*Aim of the exercise*:
When you reach the line in the data below that contains "VHAL_FrEDUOpratingSta_flg : Outport", please start repeating lines exactly, and stop after the line that contains "[CAN3_Fr_ActvDmpDisabSta] -> LeftShift/1", repeating nothing else.

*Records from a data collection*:
---*---
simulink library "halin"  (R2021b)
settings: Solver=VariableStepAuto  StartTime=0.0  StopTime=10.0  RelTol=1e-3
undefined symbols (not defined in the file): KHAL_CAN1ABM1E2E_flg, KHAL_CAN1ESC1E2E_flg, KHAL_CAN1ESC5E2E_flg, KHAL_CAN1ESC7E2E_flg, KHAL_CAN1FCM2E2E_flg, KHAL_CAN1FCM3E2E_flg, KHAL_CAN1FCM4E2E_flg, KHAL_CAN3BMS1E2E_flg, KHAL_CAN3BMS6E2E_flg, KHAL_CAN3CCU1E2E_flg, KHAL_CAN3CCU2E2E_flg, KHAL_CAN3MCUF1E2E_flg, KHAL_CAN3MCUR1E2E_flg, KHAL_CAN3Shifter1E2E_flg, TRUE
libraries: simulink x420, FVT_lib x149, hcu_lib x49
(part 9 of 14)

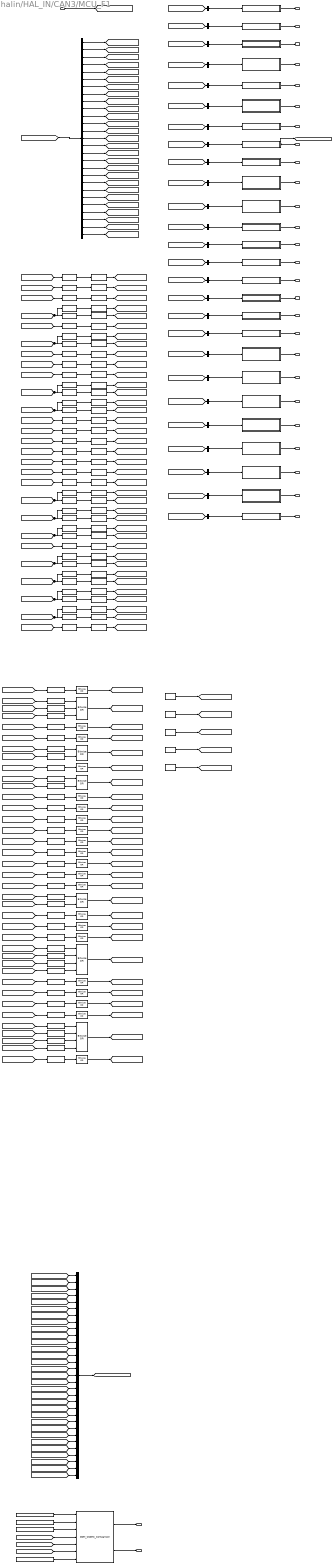
== system halin/HAL_IN/CAN3/MCU_F1 ==
  DT_CAN3_SG_MCU_F1 : Inport
  0x95 : Constant  Value=0x95
  0xf9 : Constant  Value=0xf9
  BitwiseAND{,1..37} (38 alike) : simulink/Logic and Bit Operations/Bitwise Operator  logicop=AND  UseBitMask=on  BitMask=0xFF  BitMaskRealWorld=Stored Integer
  BitwiseOR{,2..3,5,7..15,17..19,21..24,26} (21 alike) : simulink/Logic and Bit Operations/Bitwise Operator  logicop=OR  UseBitMask=off  BitMask=bin2dec('11011001')  BitMaskRealWorld=Stored Integer
  BitwiseOR1 : simulink/Logic and Bit Operations/Bitwise Operator  logicop=OR  UseBitMask=off  NumInputPorts=3  BitMask=bin2dec('11011001')  BitMaskRealWorld=Stored Integer
  BitwiseOR16 : simulink/Logic and Bit Operations/Bitwise Operator  logicop=OR  UseBitMask=off  NumInputPorts=2  BitMask=bin2dec('11011001')  BitMaskRealWorld=Stored Integer
  BitwiseOR20 : simulink/Logic and Bit Operations/Bitwise Operator  logicop=OR  UseBitMask=off  NumInputPorts=4  BitMask=bin2dec('11011001')  BitMaskRealWorld=Stored Integer
  BitwiseOR25 : simulink/Logic and Bit Operations/Bitwise Operator  logicop=OR  UseBitMask=off  NumInputPorts=4  BitMask=bin2dec('11011001')  BitMaskRealWorld=Stored Integer
  BitwiseOR4 : simulink/Logic and Bit Operations/Bitwise Operator  logicop=OR  UseBitMask=off  NumInputPorts=2  BitMask=bin2dec('11011001')  BitMaskRealWorld=Stored Integer
  BitwiseOR6 : simulink/Logic and Bit Operations/Bitwise Operator  logicop=OR  UseBitMask=off  NumInputPorts=2  BitMask=bin2dec('11011001')  BitMaskRealWorld=Stored Integer
  DDM_CS&RC_Comparison : FVT_lib/hal/DDM_CS&RC_Comparison  MsgCycleTime=10
  Data Type Conversion{,1..37} (38 alike) : DataTypeConversion  OutDataTypeStr=uint8
  FrActvDmpDisabSta : Subsystem
  FrEDUDrtSta : Subsystem
  FrEDUOpratingSta : Subsystem
  FrEDURealTMTq : Subsystem
  FrEDURotateDirction : Subsystem
  FrEDUTqReqFbk : Subsystem
  FrMCU1Chksum : Subsystem
  FrMCU1RolCnt : Subsystem
  FrMCUBAT : Subsystem
  FrMCUDCBusCurr : Subsystem
  FrMCUDCBusVolt : Subsystem
  FrMCUDischrgSta : Subsystem
  FrMCUEnaSta : Subsystem
  FrMCUErr : Subsystem
  FrMCUIGNsta : Subsystem
  FrMCUReady : Subsystem
  FrMCUReady4Pre : Subsystem
  FrMCUSysSta : Subsystem
  FrMCUTemp : Subsystem
  FrMotorAvailTq : Subsystem
  FrRegenAvailTq : Subsystem
  FrTMSpd : Subsystem
  FrTMTemp : Subsystem
  FrTMid : Subsystem
  FrTMiq : Subsystem
  KHAL_CAN3MCUF1E2E_flg : Constant  Value=KHAL_CAN3MCUF1E2E_flg
  LeftShift : ArithShift  BitShiftNumber=1  BitShiftDirection=Left
  LeftShift1 : ArithShift  BitShiftNumber=2  BitShiftDirection=Left
  LeftShift{4,6,9..10,12..13,15} (7 alike) : ArithShift  BitShiftDirection=Left
  LeftShift11 : ArithShift  BitShiftNumber=3  BitShiftDirection=Left
  LeftShift14 : ArithShift  BitShiftNumber=1  BitShiftDirection=Left
  LeftShift2 : ArithShift  BitShiftNumber=5  BitShiftDirection=Left
  LeftShift3 : ArithShift  BitShiftNumber=6  BitShiftDirection=Left
  LeftShift5 : ArithShift  BitShiftNumber=4  BitShiftDirection=Left
  LeftShift7 : ArithShift  BitShiftNumber=3  BitShiftDirection=Left
  LeftShift8 : ArithShift  BitShiftNumber=4  BitShiftDirection=Left
  MCUWarnF : Subsystem
  MessageRollingCounter : FVT_lib/hal/MessageRollingCounter  CounterMAX=14  task_time_ms=5  msg_time_ms=10
  Mux : Mux  Inputs=31
  RightShift{,2,4,6,10,14,16,18,20} (9 alike) : ArithShift  BitShiftNumber=8
  RightShift{1,3,5,7,11,15,17,19,21} (9 alike) : ArithShift
  RightShift12 : ArithShift  BitShiftNumber=4
  RightShift13 : ArithShift  BitShiftNumber=-4
  RightShift8 : ArithShift  BitShiftNumber=1
  RightShift9 : ArithShift  BitShiftNumber=-7
  bus_selector : BusSelector  OutputSignals=CAN3_Fr_ActvDmpDisabSta,CAN3_Fr_EDUDrtSta,CAN3_Fr_EDUOpratingSta,CAN3_Fr_EDURealTMTq,CAN3_Fr_EDURotateDirction,CAN3_Fr_EDUTqReqFbk,CAN3_Fr_MCU1Chksum,CAN3_Fr_MCU1RolCnt,CAN3_Fr_MCUBAT,CAN3_Fr_MCUDCBusCurr,CAN3_Fr_MCUDCBusVolt,CAN3_Fr_MCUDischrgSta,CAN3_Fr_MCUEnaSta,CAN3_Fr_MCUErr,CAN3_Fr_MCUIGN_sta,CAN3_Fr_MCUReady,CAN3_Fr_MCUReady4Pre,CAN3_Fr_MCUSysSta,CAN3_Fr_MCUTemp,CAN3_Fr_MotorAvailTq,CAN3_Fr_RegenAvailTq,CAN3_Fr_Reserved_bits,CAN3_Fr_TMSpd,CAN3_Fr_TMTemp,CAN3_Fr_TMid,CAN3_Fr_TMiq,CAN3_MCUWarn_F
  bus_selector1 : BusSelector  OutputSignals=CAN3_Fr_ActvDmpDisabSta
  bus_selector10 : BusSelector  OutputSignals=CAN3_Fr_MCUDCBusCurr
  bus_selector11 : BusSelector  OutputSignals=CAN3_Fr_MCUDCBusVolt
  bus_selector12 : BusSelector  OutputSignals=CAN3_Fr_MCUDischrgSta
  bus_selector13 : BusSelector  OutputSignals=CAN3_Fr_MCUEnaSta
  bus_selector14 : BusSelector  OutputSignals=CAN3_Fr_MCUErr
  bus_selector15 : BusSelector  OutputSignals=CAN3_Fr_MCUIGN_sta
  bus_selector16 : BusSelector  OutputSignals=CAN3_Fr_MCUReady
  bus_selector17 : BusSelector  OutputSignals=CAN3_Fr_MCUReady4Pre
  bus_selector18 : BusSelector  OutputSignals=CAN3_Fr_MCUSysSta
  bus_selector19 : BusSelector  OutputSignals=CAN3_Fr_MCUTemp
  bus_selector2 : BusSelector  OutputSignals=CAN3_Fr_EDUDrtSta
  bus_selector20 : BusSelector  OutputSignals=CAN3_Fr_MotorAvailTq
  bus_selector21 : BusSelector  OutputSignals=CAN3_Fr_RegenAvailTq
  bus_selector22 : BusSelector  OutputSignals=CAN3_Fr_TMSpd
  bus_selector23 : BusSelector  OutputSignals=CAN3_Fr_TMTemp
  bus_selector24 : BusSelector  OutputSignals=CAN3_Fr_TMid
  bus_selector25 : BusSelector  OutputSignals=CAN3_Fr_TMiq
  bus_selector26 : BusSelector  OutputSignals=CAN3_MCUWarn_F
  bus_selector3 : BusSelector  OutputSignals=CAN3_Fr_EDUOpratingSta
  bus_selector4 : BusSelector  OutputSignals=CAN3_Fr_EDURealTMTq
  bus_selector5 : BusSelector  OutputSignals=CAN3_Fr_EDURotateDirction
  bus_selector6 : BusSelector  OutputSignals=CAN3_Fr_EDUTqReqFbk
  bus_selector7 : BusSelector  OutputSignals=CAN3_Fr_MCU1Chksum
  bus_selector8 : BusSelector  OutputSignals=CAN3_Fr_MCU1RolCnt
  bus_selector9 : BusSelector  OutputSignals=CAN3_Fr_MCUBAT
  constant{,1..4} (5 alike) : Constant  Value=0x0  OutDataTypeStr=uint8
  VHAL_MCUF1CSErr_flg : Outport
  VHAL_MCUF1RCErr_flg : Outport  Port=2
  VHAL_FrActvDmpDisabSta_flg : Outport  Port=3
  VHAL_FrEDUDrtSta_flg : Outport  Port=4
  VHAL_FrEDUOpratingSta_flg : Outport  Port=5
  VHAL_FrEDURealTMTq_Nm : Outport  Port=6
  VHAL_FrEDURotateDirction_enum : Outport  Port=7
  VHAL_FrEDUTqReqFbk_Nm : Outport  Port=8
  VHAL_FrMCU1Chksum_enum : Outport  Port=9
  VHAL_FrMCU1RolCnt_enum : Outport  Port=10
  VHAL_FrMCUBAT_V : Outport  Port=11
  VHAL_FrMCUDCBusCurr_A : Outport  Port=12
  VHAL_FrMCUDCBusVolt_V : Outport  Port=13
  VHAL_FrMCUDischrgSta_flg : Outport  Port=14
  VHAL_FrMCUEnaSta_flg : Outport  Port=15
  VHAL_FrMCUErr_enum : Outport  Port=16
  VHAL_FrMCUIGNsta_flg : Outport  Port=17
  VHAL_FrMCUReady_flg : Outport  Port=18
  VHAL_FrMCUReady4Pre_flg : Outport  Port=19
  VHAL_FrMCUSysSta_enum : Outport  Port=20
  VHAL_FrMCUTemp_C : Outport  Port=21
  VHAL_FrMotorAvailTq_Nm : Outport  Port=22
  VHAL_FrRegenAvailTq_Nm : Outport  Port=23
  VHAL_FrTMSpd_rpm : Outport  Port=24
  VHAL_FrTMTemp_C : Outport  Port=25
  VHAL_FrTMid_A : Outport  Port=26
  VHAL_FrTMiq_A : Outport  Port=27
  VHAL_MCUWarnF_enum : Outport  Port=28
  wires:
  DT_CAN3_SG_MCU_F1/1 -> [DT_CAN3_SG_MCU_F1]
  [DT_CAN3_SG_MCU_F1] -> bus_selector/1
  bus_selector/1 -> [CAN3_Fr_ActvDmpDisabSta]  "<CAN3_Fr_ActvDmpDisabSta>"
  [CAN3_Fr_ActvDmpDisabSta] -> LeftShift/1
  LeftShift/1 -> BitwiseAND/1
  BitwiseAND/1 -> [Byte_25_CAN3_Fr_ActvDmpDisabSta]
  bus_selector/2 -> [CAN3_Fr_EDUDrtSta]  "<CAN3_Fr_EDUDrtSta>"
  [CAN3_Fr_EDUDrtSta] -> LeftShift1/1
  LeftShift1/1 -> BitwiseAND1/1
  BitwiseAND1/1 -> [Byte_25_CAN3_Fr_EDUDrtSta]
  bus_selector/3 -> [CAN3_Fr_EDUOpratingSta]  "<CAN3_Fr_EDUOpratingSta>"
  [CAN3_Fr_EDUOpratingSta] -> LeftShift2/1
  LeftShift2/1 -> BitwiseAND2/1
  BitwiseAND2/1 -> [Byte_30_CAN3_Fr_EDUOpratingSta]
  bus_selector/4 -> [CAN3_Fr_EDURealTMTq]  "<CAN3_Fr_EDURealTMTq>"
  [CAN3_Fr_EDURealTMTq] -> RightShift/1, RightShift1/1
  RightShift/1 -> BitwiseAND3/1
  BitwiseAND3/1 -> [Byte_28_CAN3_Fr_EDURealTMTq]
  RightShift1/1 -> BitwiseAND4/1
  BitwiseAND4/1 -> [Byte_29_CAN3_Fr_EDURealTMTq]
  bus_selector/5 -> [CAN3_Fr_EDURotateDirction]  "<CAN3_Fr_EDURotateDirction>"
  [CAN3_Fr_EDURotateDirction] -> LeftShift3/1
  LeftShift3/1 -> BitwiseAND5/1
  BitwiseAND5/1 -> [Byte_30_CAN3_Fr_EDURotateDirction]
  bus_selector/6 -> [CAN3_Fr_EDUTqReqFbk]  "<CAN3_Fr_EDUTqReqFbk>"
  [CAN3_Fr_EDUTqReqFbk] -> RightShift2/1, RightShift3/1
  RightShift2/1 -> BitwiseAND6/1
  BitwiseAND6/1 -> [Byte_30_CAN3_Fr_EDUTqReqFbk]
  RightShift3/1 -> BitwiseAND7/1
  BitwiseAND7/1 -> [Byte_31_CAN3_Fr_EDUTqReqFbk]
  bus_selector/7 -> [CAN3_Fr_MCU1Chksum]  "<CAN3_Fr_MCU1Chksum>"
  [CAN3_Fr_MCU1Chksum] -> LeftShift4/1
  LeftShift4/1 -> BitwiseAND8/1
  BitwiseAND8/1 -> [Byte_0_CAN3_Fr_MCU1Chksum]
  bus_selector/8 -> [CAN3_Fr_MCU1RolCnt]  "<CAN3_Fr_MCU1RolCnt>"
  [CAN3_Fr_MCU1RolCnt] -> LeftShift5/1
  LeftShift5/1 -> BitwiseAND9/1
  BitwiseAND9/1 -> [Byte_1_CAN3_Fr_MCU1RolCnt]
  bus_selector/9 -> [CAN3_Fr_MCUBAT]  "<CAN3_Fr_MCUBAT>"
  [CAN3_Fr_MCUBAT] -> LeftShift6/1
  LeftShift6/1 -> BitwiseAND10/1
  BitwiseAND10/1 -> [Byte_8_CAN3_Fr_MCUBAT]
  bus_selector/10 -> [CAN3_Fr_MCUDCBusCurr]  "<CAN3_Fr_MCUDCBusCurr>"
  [CAN3_Fr_MCUDCBusCurr] -> RightShift4/1, RightShift5/1
  RightShift4/1 -> BitwiseAND11/1
  BitwiseAND11/1 -> [Byte_21_CAN3_Fr_MCUDCBusCurr]
  RightShift5/1 -> BitwiseAND12/1
  BitwiseAND12/1 -> [Byte_22_CAN3_Fr_MCUDCBusCurr]
  bus_selector/11 -> [CAN3_Fr_MCUDCBusVolt]  "<CAN3_Fr_MCUDCBusVolt>"
  [CAN3_Fr_MCUDCBusVolt] -> RightShift6/1, RightShift7/1
  RightShift6/1 -> BitwiseAND13/1
  BitwiseAND13/1 -> [Byte_23_CAN3_Fr_MCUDCBusVolt]
  RightShift7/1 -> BitwiseAND14/1
  BitwiseAND14/1 -> [Byte_24_CAN3_Fr_MCUDCBusVolt]
  bus_selector/12 -> [CAN3_Fr_MCUDischrgSta]  "<CAN3_Fr_MCUDischrgSta>"
  [CAN3_Fr_MCUDischrgSta] -> LeftShift7/1
  LeftShift7/1 -> BitwiseAND15/1
  BitwiseAND15/1 -> [Byte_25_CAN3_Fr_MCUDischrgSta]
  bus_selector/13 -> [CAN3_Fr_MCUEnaSta]  "<CAN3_Fr_MCUEnaSta>"
  [CAN3_Fr_MCUEnaSta] -> LeftShift8/1
  LeftShift8/1 -> BitwiseAND16/1
  BitwiseAND16/1 -> [Byte_30_CAN3_Fr_MCUEnaSta]
  bus_selector/14 -> [CAN3_Fr_MCUErr]  "<CAN3_Fr_MCUErr>"
  [CAN3_Fr_MCUErr] -> LeftShift9/1
  LeftShift9/1 -> BitwiseAND17/1
  BitwiseAND17/1 -> [Byte_17_CAN3_Fr_MCUErr]
  bus_selector/15 -> [CAN3_Fr_MCUIGN_sta]  "<CAN3_Fr_MCUIGN_sta>"
  [CAN3_Fr_MCUIGN_sta] -> LeftShift10/1
  LeftShift10/1 -> BitwiseAND18/1
  BitwiseAND18/1 -> [Byte_9_CAN3_Fr_MCUIGN_sta]
  bus_selector/16 -> [CAN3_Fr_MCUReady]  "<CAN3_Fr_MCUReady>"
  [CAN3_Fr_MCUReady] -> LeftShift11/1
  LeftShift11/1 -> BitwiseAND19/1
  BitwiseAND19/1 -> [Byte_1_CAN3_Fr_MCUReady]
  bus_selector/17 -> [CAN3_Fr_MCUReady4Pre]  "<CAN3_Fr_MCUReady4Pre>"
  [CAN3_Fr_MCUReady4Pre] -> LeftShift12/1
  LeftShift12/1 -> BitwiseAND20/1
  BitwiseAND20/1 -> [Byte_25_CAN3_Fr_MCUReady4Pre]
  bus_selector/18 -> [CAN3_Fr_MCUSysSta]  "<CAN3_Fr_MCUSysSta>"
  [CAN3_Fr_MCUSysSta] -> LeftShift13/1
  LeftShift13/1 -> BitwiseAND21/1
  BitwiseAND21/1 -> [Byte_7_CAN3_Fr_MCUSysSta]
  bus_selector/19 -> [CAN3_Fr_MCUTemp]  "<CAN3_Fr_MCUTemp>"
  [CAN3_Fr_MCUTemp] -> RightShift8/1, RightShift9/1
  RightShift8/1 -> BitwiseAND22/1
  BitwiseAND22/1 -> [Byte_20_CAN3_Fr_MCUTemp]
  RightShift9/1 -> BitwiseAND23/1
  BitwiseAND23/1 -> [Byte_21_CAN3_Fr_MCUTemp]
  bus_selector/20 -> [CAN3_Fr_MotorAvailTq]  "<CAN3_Fr_MotorAvailTq>"
  [CAN3_Fr_MotorAvailTq] -> RightShift10/1, RightShift11/1
  RightShift10/1 -> BitwiseAND24/1
  BitwiseAND24/1 -> [Byte_11_CAN3_Fr_MotorAvailTq]
  RightShift11/1 -> BitwiseAND25/1
  BitwiseAND25/1 -> [Byte_12_CAN3_Fr_MotorAvailTq]
  bus_selector/21 -> [CAN3_Fr_RegenAvailTq]  "<CAN3_Fr_RegenAvailTq>"
  [CAN3_Fr_RegenAvailTq] -> RightShift12/1, RightShift13/1
  RightShift12/1 -> BitwiseAND26/1
  BitwiseAND26/1 -> [Byte_10_CAN3_Fr_RegenAvailTq]
  RightShift13/1 -> BitwiseAND27/1
  BitwiseAND27/1 -> [Byte_11_CAN3_Fr_RegenAvailTq]
  bus_selector/22 -> [CAN3_Fr_Reserved_bits]  "<CAN3_Fr_Reserved_bits>"
  [CAN3_Fr_Reserved_bits] -> LeftShift14/1
  LeftShift14/1 -> BitwiseAND28/1
  BitwiseAND28/1 -> [Byte_9_CAN3_Fr_Reserved_bits]
  bus_selector/23 -> [CAN3_Fr_TMSpd]  "<CAN3_Fr_TMSpd>"
  [CAN3_Fr_TMSpd] -> RightShift14/1, RightShift15/1
  RightShift14/1 -> BitwiseAND29/1
  BitwiseAND29/1 -> [Byte_26_CAN3_Fr_TMSpd]
  RightShift15/1 -> BitwiseAND30/1
  BitwiseAND30/1 -> [Byte_27_CAN3_Fr_TMSpd]
  bus_selector/24 -> [CAN3_Fr_TMTemp]  "<CAN3_Fr_TMTemp>"
  [CAN3_Fr_TMTemp] -> RightShift16/1, RightShift17/1
  RightShift16/1 -> BitwiseAND31/1
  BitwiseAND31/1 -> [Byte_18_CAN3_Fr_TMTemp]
---*---
*Solved problem*:
  VHAL_FrEDUOpratingSta_flg : Outport  Port=5
  VHAL_FrEDURealTMTq_Nm : Outport  Port=6
  VHAL_FrEDURotateDirction_enum : Outport  Port=7
  VHAL_FrEDUTqReqFbk_Nm : Outport  Port=8
  VHAL_FrMCU1Chksum_enum : Outport  Port=9
  VHAL_FrMCU1RolCnt_enum : Outport  Port=10
  VHAL_FrMCUBAT_V : Outport  Port=11
  VHAL_FrMCUDCBusCurr_A : Outport  Port=12
  VHAL_FrMCUDCBusVolt_V : Outport  Port=13
  VHAL_FrMCUDischrgSta_flg : Outport  Port=14
  VHAL_FrMCUEnaSta_flg : Outport  Port=15
  VHAL_FrMCUErr_enum : Outport  Port=16
  VHAL_FrMCUIGNsta_flg : Outport  Port=17
  VHAL_FrMCUReady_flg : Outport  Port=18
  VHAL_FrMCUReady4Pre_flg : Outport  Port=19
  VHAL_FrMCUSysSta_enum : Outport  Port=20
  VHAL_FrMCUTemp_C : Outport  Port=21
  VHAL_FrMotorAvailTq_Nm : Outport  Port=22
  VHAL_FrRegenAvailTq_Nm : Outport  Port=23
  VHAL_FrTMSpd_rpm : Outport  Port=24
  VHAL_FrTMTemp_C : Outport  Port=25
  VHAL_FrTMid_A : Outport  Port=26
  VHAL_FrTMiq_A : Outport  Port=27
  VHAL_MCUWarnF_enum : Outport  Port=28
  wires:
  DT_CAN3_SG_MCU_F1/1 -> [DT_CAN3_SG_MCU_F1]
  [DT_CAN3_SG_MCU_F1] -> bus_selector/1
  bus_selector/1 -> [CAN3_Fr_ActvDmpDisabSta]  "<CAN3_Fr_ActvDmpDisabSta>"
  [CAN3_Fr_ActvDmpDisabSta] -> LeftShift/1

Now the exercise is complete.